§ Work request
Exactly as written, print out each entry in the data, with no pictures.

§ Given records
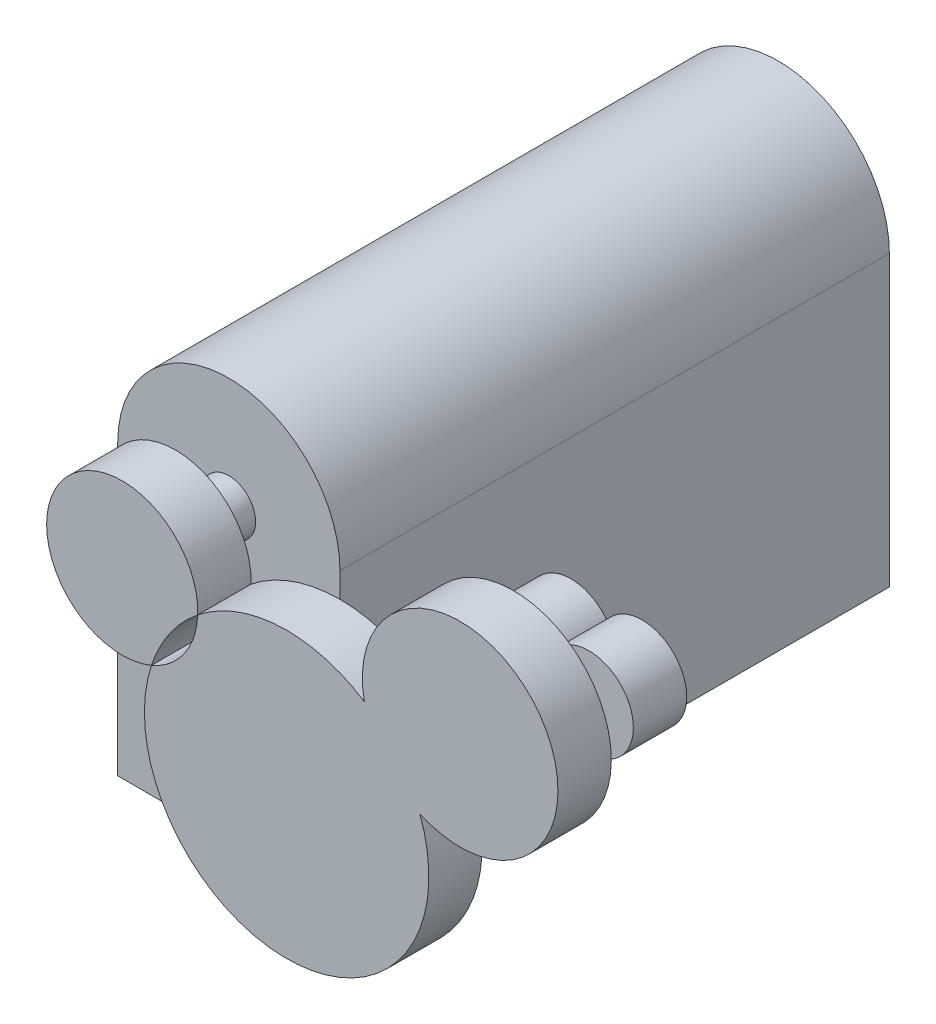
from build123d import *

# Parameters (mm, degrees)
BOSS_EXTRUDE7_DEPTH  = 30.9
SKETCH7_R            = 1.5
BOSS_EXTRUDE8_DEPTH  = 3
BOSS_EXTRUDE9_DEPTH  = 3
SKETCH9_R            = 1
BOSS_EXTRUDE10_DEPTH = 11.773049601
BOSS_EXTRUDE11_DEPTH = 3


with BuildPart() as part:
    # Sketch6 → Boss-Extrude7 (new body)
    with BuildSketch(Plane.XY):
        with BuildLine():
            Line((-6.25, 0), (-6.25, -16.25))
            Line((-6.25, -16.25), (6.25, -16.25))
            Line((6.25, -16.25), (6.25, 0))
            ThreePointArc((6.25, 0), (0, 6.25), (-6.25, 0))
        make_face()
    extrude(amount=-BOSS_EXTRUDE7_DEPTH)

    # Sketch7 → Boss-Extrude8 (add)
    with BuildSketch(Plane.XY):
        Circle(SKETCH7_R)
    extrude(amount=BOSS_EXTRUDE8_DEPTH)

    # Sketch8 → Boss-Extrude9 (add)
    with BuildSketch(Plane.XY.offset(3)):
        with BuildLine():
            ThreePointArc((4.246966167, -0.160556459), (-3.494444444, 2.418958045), (1.645626426, -3.918470833))
            ThreePointArc((1.645626426, -3.918470833), (2.672222222, -1.849791446), (4.246966167, -0.160556459))
        make_face()
        with BuildLine():
            ThreePointArc((4.246966167, -0.160556459), (3.494444444, -2.418958045), (1.645626426, -3.918470833))
            ThreePointArc((1.645626426, -3.918470833), (9.416028142, -14.401401218), (16.744714653, -3.605044132))
            ThreePointArc((16.744714653, -3.605044132), (23.304127047, 4.843275763), (13.623214853, 0.295755658))
            ThreePointArc((13.623214853, 0.295755658), (8.861125761, 1.587418724), (4.246966167, -0.160556459))
        make_face()
    extrude(amount=BOSS_EXTRUDE9_DEPTH)


with BuildPart() as boss_extrude9_piece_1:
    # of the separate pieces the step leaves, piece 1, a body of its own (boss_extrude9_pieces)
    add(part.part.solids().sort_by_distance((1.5, 0, 3))[0])


with BuildPart() as boss_extrude9_piece_2:
    # of the separate pieces the step leaves, piece 2, a body of its own (boss_extrude9_pieces)
    add(part.part.solids().sort_by_distance((13.623214853, 0.295755658, 3))[0])

    # Sketch9 → Boss-Extrude10 (add)
    with BuildSketch(Plane(origin=(0, 0, 3), x_dir=(-1, 0, 0), z_dir=(0, 0, -1))):
        with Locations(Location((-9.25, -6.403124237, 0), (0, 0, 180))):
            Circle(SKETCH9_R)
    extrude(amount=BOSS_EXTRUDE10_DEPTH)

    # Sketch10 → Boss-Extrude11 (add)
    with BuildSketch(Plane(origin=(0, 0, -7), x_dir=(-1, 0, 0), z_dir=(0, 0, -1))):
        with BuildLine():
            ThreePointArc((-11.25, -7.903124237), (-6.75, -6.403124237), (-11.25, -4.903124237))
            ThreePointArc((-11.25, -4.903124237), (-15.75, -6.403124237), (-11.25, -7.903124237))
        make_face()
    extrude(amount=BOSS_EXTRUDE11_DEPTH)


solid = Compound([boss_extrude9_piece_1.part, boss_extrude9_piece_2.part])

§ Completed exercise
from build123d import *

# Parameters (mm, degrees)
BOSS_EXTRUDE7_DEPTH  = 30.9
SKETCH7_R            = 1.5
BOSS_EXTRUDE8_DEPTH  = 3
BOSS_EXTRUDE9_DEPTH  = 3
SKETCH9_R            = 1
BOSS_EXTRUDE10_DEPTH = 11.773049601
BOSS_EXTRUDE11_DEPTH = 3


with BuildPart() as part:
    # Sketch6 → Boss-Extrude7 (new body)
    with BuildSketch(Plane.XY):
        with BuildLine():
            Line((-6.25, 0), (-6.25, -16.25))
            Line((-6.25, -16.25), (6.25, -16.25))
            Line((6.25, -16.25), (6.25, 0))
            ThreePointArc((6.25, 0), (0, 6.25), (-6.25, 0))
        make_face()
    extrude(amount=-BOSS_EXTRUDE7_DEPTH)

    # Sketch7 → Boss-Extrude8 (add)
    with BuildSketch(Plane.XY):
        Circle(SKETCH7_R)
    extrude(amount=BOSS_EXTRUDE8_DEPTH)

    # Sketch8 → Boss-Extrude9 (add)
    with BuildSketch(Plane.XY.offset(3)):
        with BuildLine():
            ThreePointArc((4.246966167, -0.160556459), (-3.494444444, 2.418958045), (1.645626426, -3.918470833))
            ThreePointArc((1.645626426, -3.918470833), (2.672222222, -1.849791446), (4.246966167, -0.160556459))
        make_face()
        with BuildLine():
            ThreePointArc((4.246966167, -0.160556459), (3.494444444, -2.418958045), (1.645626426, -3.918470833))
            ThreePointArc((1.645626426, -3.918470833), (9.416028142, -14.401401218), (16.744714653, -3.605044132))
            ThreePointArc((16.744714653, -3.605044132), (23.304127047, 4.843275763), (13.623214853, 0.295755658))
            ThreePointArc((13.623214853, 0.295755658), (8.861125761, 1.587418724), (4.246966167, -0.160556459))
        make_face()
    extrude(amount=BOSS_EXTRUDE9_DEPTH)


with BuildPart() as boss_extrude9_piece_1:
    # of the separate pieces the step leaves, piece 1, a body of its own (boss_extrude9_pieces)
    add(part.part.solids().sort_by_distance((1.5, 0, 3))[0])


with BuildPart() as boss_extrude9_piece_2:
    # of the separate pieces the step leaves, piece 2, a body of its own (boss_extrude9_pieces)
    add(part.part.solids().sort_by_distance((13.623214853, 0.295755658, 3))[0])

    # Sketch9 → Boss-Extrude10 (add)
    with BuildSketch(Plane(origin=(0, 0, 3), x_dir=(-1, 0, 0), z_dir=(0, 0, -1))):
        with Locations(Location((-9.25, -6.403124237, 0), (0, 0, 180))):
            Circle(SKETCH9_R)
    extrude(amount=BOSS_EXTRUDE10_DEPTH)

    # Sketch10 → Boss-Extrude11 (add)
    with BuildSketch(Plane(origin=(0, 0, -7), x_dir=(-1, 0, 0), z_dir=(0, 0, -1))):
        with BuildLine():
            ThreePointArc((-11.25, -7.903124237), (-6.75, -6.403124237), (-11.25, -4.903124237))
            ThreePointArc((-11.25, -4.903124237), (-15.75, -6.403124237), (-11.25, -7.903124237))
        make_face()
    extrude(amount=BOSS_EXTRUDE11_DEPTH)


solid = Compound([boss_extrude9_piece_1.part, boss_extrude9_piece_2.part])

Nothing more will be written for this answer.